■ Exercise
Lines with the word "relop" in them must be copied from the records below.

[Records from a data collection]
= = = = = = =
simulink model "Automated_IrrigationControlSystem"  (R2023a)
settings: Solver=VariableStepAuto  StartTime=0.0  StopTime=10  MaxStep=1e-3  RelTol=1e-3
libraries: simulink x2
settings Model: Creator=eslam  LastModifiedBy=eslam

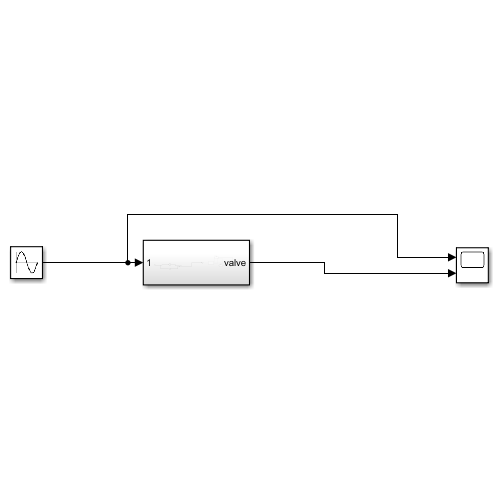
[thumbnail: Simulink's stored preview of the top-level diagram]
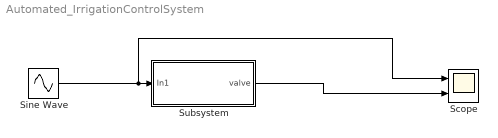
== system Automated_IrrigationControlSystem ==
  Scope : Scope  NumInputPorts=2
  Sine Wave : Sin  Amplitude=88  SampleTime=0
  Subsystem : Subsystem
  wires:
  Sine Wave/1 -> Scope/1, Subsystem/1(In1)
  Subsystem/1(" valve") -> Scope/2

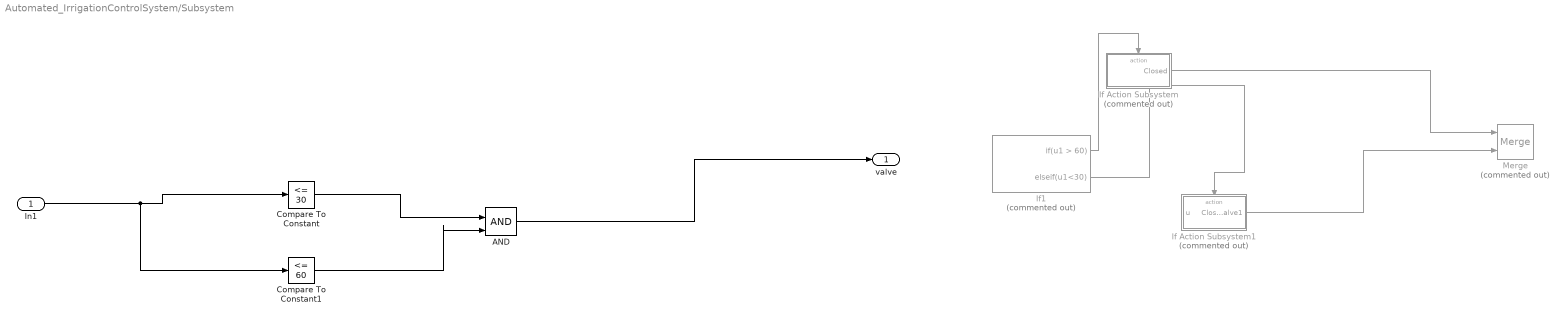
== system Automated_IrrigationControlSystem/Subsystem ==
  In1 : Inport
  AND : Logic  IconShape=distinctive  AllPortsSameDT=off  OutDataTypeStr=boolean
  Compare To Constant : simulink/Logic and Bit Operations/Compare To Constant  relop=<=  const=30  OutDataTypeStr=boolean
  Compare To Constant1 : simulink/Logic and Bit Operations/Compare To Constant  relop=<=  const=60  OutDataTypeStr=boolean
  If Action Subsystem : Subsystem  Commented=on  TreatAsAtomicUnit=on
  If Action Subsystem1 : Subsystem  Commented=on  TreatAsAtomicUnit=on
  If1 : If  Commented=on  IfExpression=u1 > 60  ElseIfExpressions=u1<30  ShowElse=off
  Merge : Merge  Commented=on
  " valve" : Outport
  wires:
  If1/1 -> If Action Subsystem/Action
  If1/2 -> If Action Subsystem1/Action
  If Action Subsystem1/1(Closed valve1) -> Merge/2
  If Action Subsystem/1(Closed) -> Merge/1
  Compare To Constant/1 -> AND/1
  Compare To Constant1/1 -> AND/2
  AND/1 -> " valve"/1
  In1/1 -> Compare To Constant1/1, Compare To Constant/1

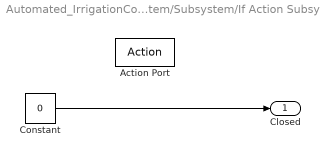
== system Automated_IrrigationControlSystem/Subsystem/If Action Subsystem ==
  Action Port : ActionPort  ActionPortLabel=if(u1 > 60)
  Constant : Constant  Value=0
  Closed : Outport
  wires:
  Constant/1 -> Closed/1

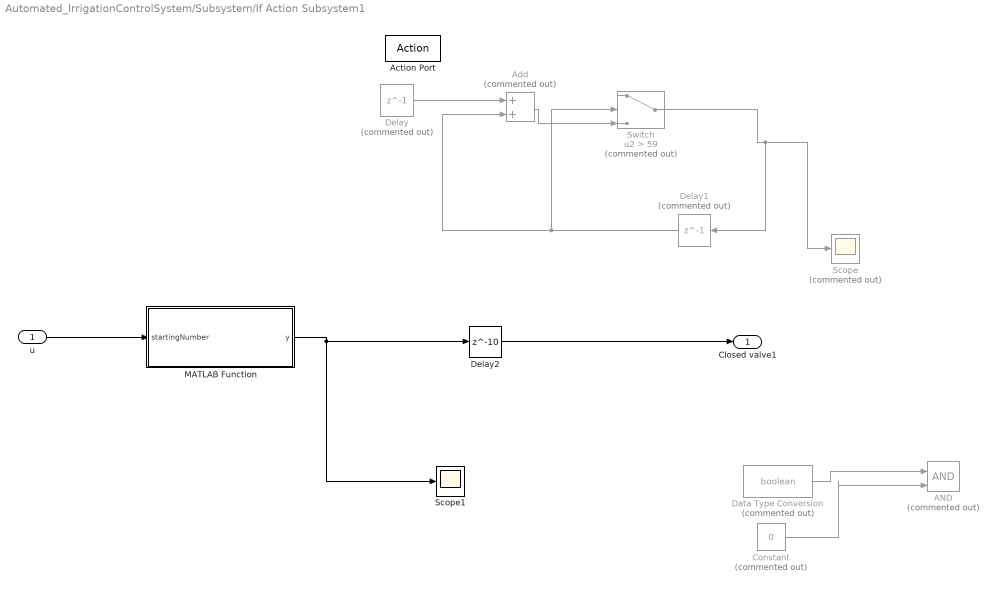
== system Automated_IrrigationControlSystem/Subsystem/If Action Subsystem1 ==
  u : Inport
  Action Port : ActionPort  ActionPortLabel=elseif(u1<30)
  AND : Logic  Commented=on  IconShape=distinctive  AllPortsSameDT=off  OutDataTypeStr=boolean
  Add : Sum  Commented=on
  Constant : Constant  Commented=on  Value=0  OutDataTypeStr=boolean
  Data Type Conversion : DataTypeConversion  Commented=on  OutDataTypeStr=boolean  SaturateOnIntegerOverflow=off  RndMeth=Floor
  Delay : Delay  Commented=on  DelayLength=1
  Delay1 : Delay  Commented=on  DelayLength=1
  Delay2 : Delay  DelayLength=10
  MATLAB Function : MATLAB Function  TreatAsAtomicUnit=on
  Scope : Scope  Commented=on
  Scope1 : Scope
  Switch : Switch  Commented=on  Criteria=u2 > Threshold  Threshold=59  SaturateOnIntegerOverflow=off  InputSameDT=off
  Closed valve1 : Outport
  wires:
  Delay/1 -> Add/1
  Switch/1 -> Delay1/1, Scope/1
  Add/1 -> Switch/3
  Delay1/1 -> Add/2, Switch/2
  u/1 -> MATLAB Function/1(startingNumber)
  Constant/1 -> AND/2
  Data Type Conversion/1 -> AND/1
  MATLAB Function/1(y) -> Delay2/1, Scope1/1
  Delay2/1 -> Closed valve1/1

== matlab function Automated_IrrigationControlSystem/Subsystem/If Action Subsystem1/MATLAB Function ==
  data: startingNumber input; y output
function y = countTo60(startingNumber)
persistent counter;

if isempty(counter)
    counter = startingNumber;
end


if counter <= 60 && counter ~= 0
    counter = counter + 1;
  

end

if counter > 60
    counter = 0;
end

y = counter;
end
= = = = = = =
■ Exercise answer
  Compare To Constant : simulink/Logic and Bit Operations/Compare To Constant  relop=<=  const=30  OutDataTypeStr=boolean
  Compare To Constant1 : simulink/Logic and Bit Operations/Compare To Constant  relop=<=  const=60  OutDataTypeStr=boolean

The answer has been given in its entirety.